Repository interfaces:
- `FilesRepository` → CRUD for File records
- `ChunksRepository` → CRUD for Chunk records
- `BlobsRepository` → CRUD for Blob records
- `SnapshotsRepository` → CRUD for Snapshot records
- Plus join table repositories (FileChunks, BlobChunks, etc.)

## Snapshot Creation Flow

```
CreateSnapshot(opts)
    │
    ├─► CleanupIncompleteSnapshots()   // Critical: avoid dedup errors
    │
    ├─► SnapshotManager.CreateSnapshot()   // Create DB record
    │
    ├─► For each source directory:
    │       │
    │       ├─► scanner.Scan(ctx, path, snapshotID)
    │       │       │
    │       │       ├─► Phase 0: detectDeletedFiles()
    │       │       │
    │       │       ├─► Phase 1: scanPhase()
    │       │       │       Walk directory
    │       │       │       Check file metadata changes
    │       │       │       Build list of files to process
    │       │       │
    │       │       └─► Phase 2: processPhase()
    │       │               For each file:
    │       │                   chunker.ChunkReaderStreaming()
    │       │                   For each chunk:
    │       │                       packer.AddChunk()
    │       │                       If blob full → FinalizeBlob()
    │       │                           → handleBlobReady()
    │       │                           → s3Client.PutObjectWithProgress()
    │       │               packer.Flush()  // Final blob
    │       │
    │       └─► Accumulate statistics
    │
    ├─► SnapshotManager.UpdateSnapshotStatsExtended()
    │
    ├─► SnapshotManager.CompleteSnapshot()
    │
    └─► SnapshotManager.ExportSnapshotMetadata()
            │
            ├─► Copy database to temp file
            ├─► Clean to only current snapshot data
            ├─► Dump to SQL
            ├─► Compress with zstd
            ├─► Encrypt with age
            ├─► Upload db.zst.age to S3
            └─► Upload manifest.json.zst to S3
```

## Deduplication Strategy

1. **File-level**: Files unchanged since last backup are skipped (metadata comparison: size, mtime, mode, uid, gid)

2. **Chunk-level**: Chunks are content-addressed by SHA256 hash. If a chunk hash already exists in the database, the chunk data is not re-uploaded.

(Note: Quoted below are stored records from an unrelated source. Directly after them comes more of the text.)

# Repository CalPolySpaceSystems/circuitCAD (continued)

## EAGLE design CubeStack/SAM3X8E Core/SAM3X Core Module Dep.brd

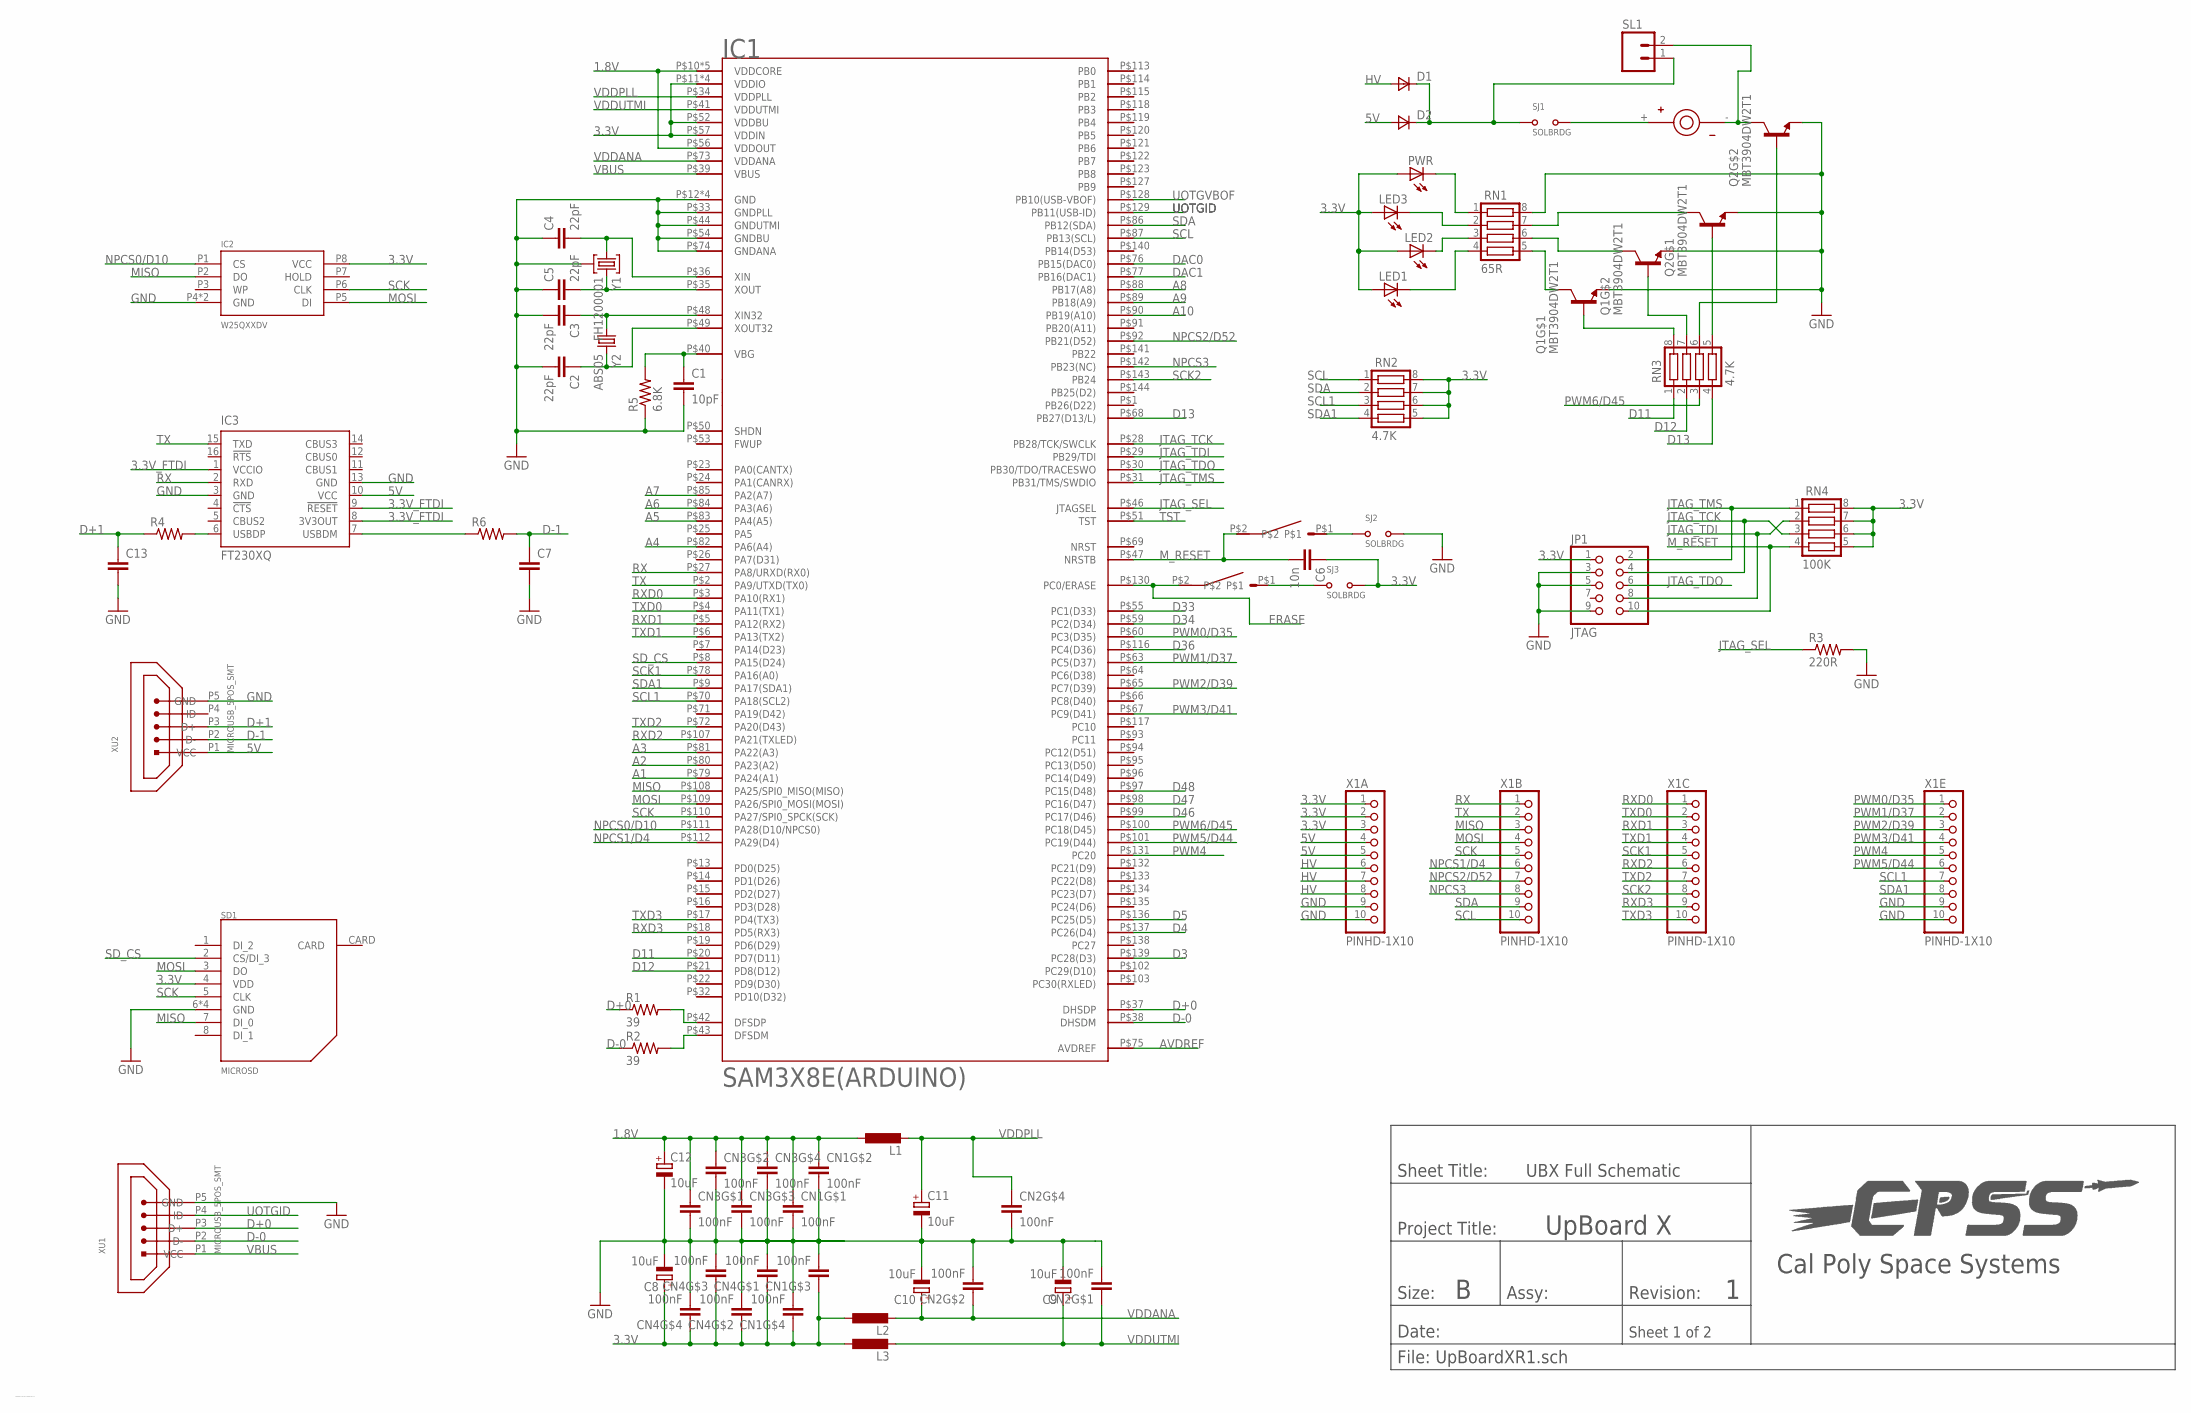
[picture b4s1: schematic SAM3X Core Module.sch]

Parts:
C1: 10pF; C0603
C2, C3, C4, C5: 22pF; C0603
C6: 10n; C0603
C7, C13: C-EUC0603; C0603
C8, C9, C10, C11, C12: 10uF; A/3216-18R
CN1, CN2, CN3, CN4: 100nF; 1206-4
D1, D2: DSOD323; SOD323
ERASE: 1000P; B3U-1000P
IC1: SAM3X8E(ARDUINO); 144-LEAD_LQFP
IC2: W25QXXDV; WSON
IC3: FT230XQ; QFN16
JP1: JTAG; 2X5-PTH-1.27MM
L1, L2, L3: L-EU0402; C0402
LED1, LED2, LED3: LEDCHIPLED_0805; CHIPLED_0805
LS1: AI-1440-TWT-24V-2-R; AI-1440-TWT-24-2-R
PWR: LEDCHIPLED_0805; CHIPLED_0805
Q1, Q2: MBT3904DW2T1; SOT-363
R1, R2: 39; R0603
R3: 220R; R0402
R4, R6: R-US_R0603; R0603
R5: 6.8K; R0603
RESET: 1000P; B3U-1000P
RN1: 65R; CTS742C083
RN2, RN3: 4.7K; CTS742C083
RN4: 100K; CTS742C083
SD1: MICROSD; CONN_MICROSD
SJ1, SJ2, SJ3: SOLBRDG
SL1: M02; 02P
X1A, X1B, X1C, X1E: PINHD-1X10; 1X10-BIG
XU1, XU2: MICROUSB_5POS_SMT; RECPT_SMT_R/A
Y1: FH1200001; MINISMD
Y2: ABS05; FC-12M

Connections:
1.8V: C12.+, CN1.P$1 (1), CN1.P$2 (1), CN3.P$1 (1), CN3.P$2 (1), CN3.P$3 (1), CN3.P$4 (1), IC1.P$10 (VDDCORE), IC1.P$45 (VDDCORE), IC1.P$56 (VDDOUT), IC1.P$61 (VDDCORE), IC1.P$104 (VDDCORE), IC1.P$124 (VDDCORE), L1.1
3.3V: C6.1, C8.+, CN1.P$3 (1), CN1.P$4 (1), CN4.P$1 (1), CN4.P$2 (1), CN4.P$3 (1), CN4.P$4 (1), IC1.P$11 (VDDIO), IC1.P$52 (VDDBU), IC1.P$57 (VDDIN), IC1.P$62 (VDDIO), IC1.P$105 (VDDIO), IC1.P$125 (VDDIO), IC2.P8 (VCC), JP1.1, L2.1, L3.1, LED1.A, LED2.A, LED3.A, PWR.A, RN2.5, RN2.6, RN2.7, RN2.8, RN4.5, RN4.6, RN4.7, RN4.8, SD1.4 (VDD), SJ3.P$2, X1A.1, X1A.2, X1A.3; also elsewhere on the board
3.3V_FTDI: IC3.1 (VCCIO), IC3.8 (3V3OUT), IC3.9 (!RESET)
5V: D2.2 (A), IC3.10 (VCC), X1A.4, X1A.5, XU2.P1 (VCC)
A1: IC1.P$79 (PA24(A1))
A2: IC1.P$80 (PA23(A2))
A3: IC1.P$81 (PA22(A3))
A4: IC1.P$82 (PA6(A4))
A5: IC1.P$83 (PA4(A5))
A6: IC1.P$84 (PA3(A6))
A7: IC1.P$85 (PA2(A7))
A8: IC1.P$88 (PB17(A8))
A9: IC1.P$89 (PB18(A9))
A10: IC1.P$90 (PB19(A10))
AVDREF: IC1.P$75 (AVDREF)
D3: IC1.P$139 (PC28(D3))
D4: IC1.P$137 (PC26(D4))
D5: IC1.P$136 (PC25(D5))
D11: IC1.P$20 (PD7(D11)), RN3.1
D12: IC1.P$21 (PD8(D12)), RN3.2
D13: IC1.P$68 (PB27(D13/L)), RN3.4
D33: IC1.P$55 (PC1(D33))
D34: IC1.P$59 (PC2(D34))
D36: IC1.P$116 (PC4(D36))
D46: IC1.P$99 (PC17(D46))
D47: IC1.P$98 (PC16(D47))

3. **Blob-level**: Blobs contain only unique chunks. Duplicate chunks within a blob are skipped.

## Storage Layout in S3

```
bucket/
├── blobs/
│   └── {hash[0:2]}/
│       └── {hash[2:4]}/
│           └── {full-hash}          # Compressed+encrypted blob
│
└── metadata/
    └── {snapshot-id}/
        ├── db.zst.age               # Encrypted database dump
        └── manifest.json.zst        # Blob list (for verification)
```

## Thread Safety

- `Packer`: Thread-safe via mutex. Multiple goroutines can call `AddChunk()`.
- `Scanner`: Uses `packerMu` mutex to coordinate blob finalization.
- `Database`: Single-writer mode (`MaxOpenConns=1`) ensures SQLite thread safety.
- `Repositories.WithTx()`: Handles transaction lifecycle automatically.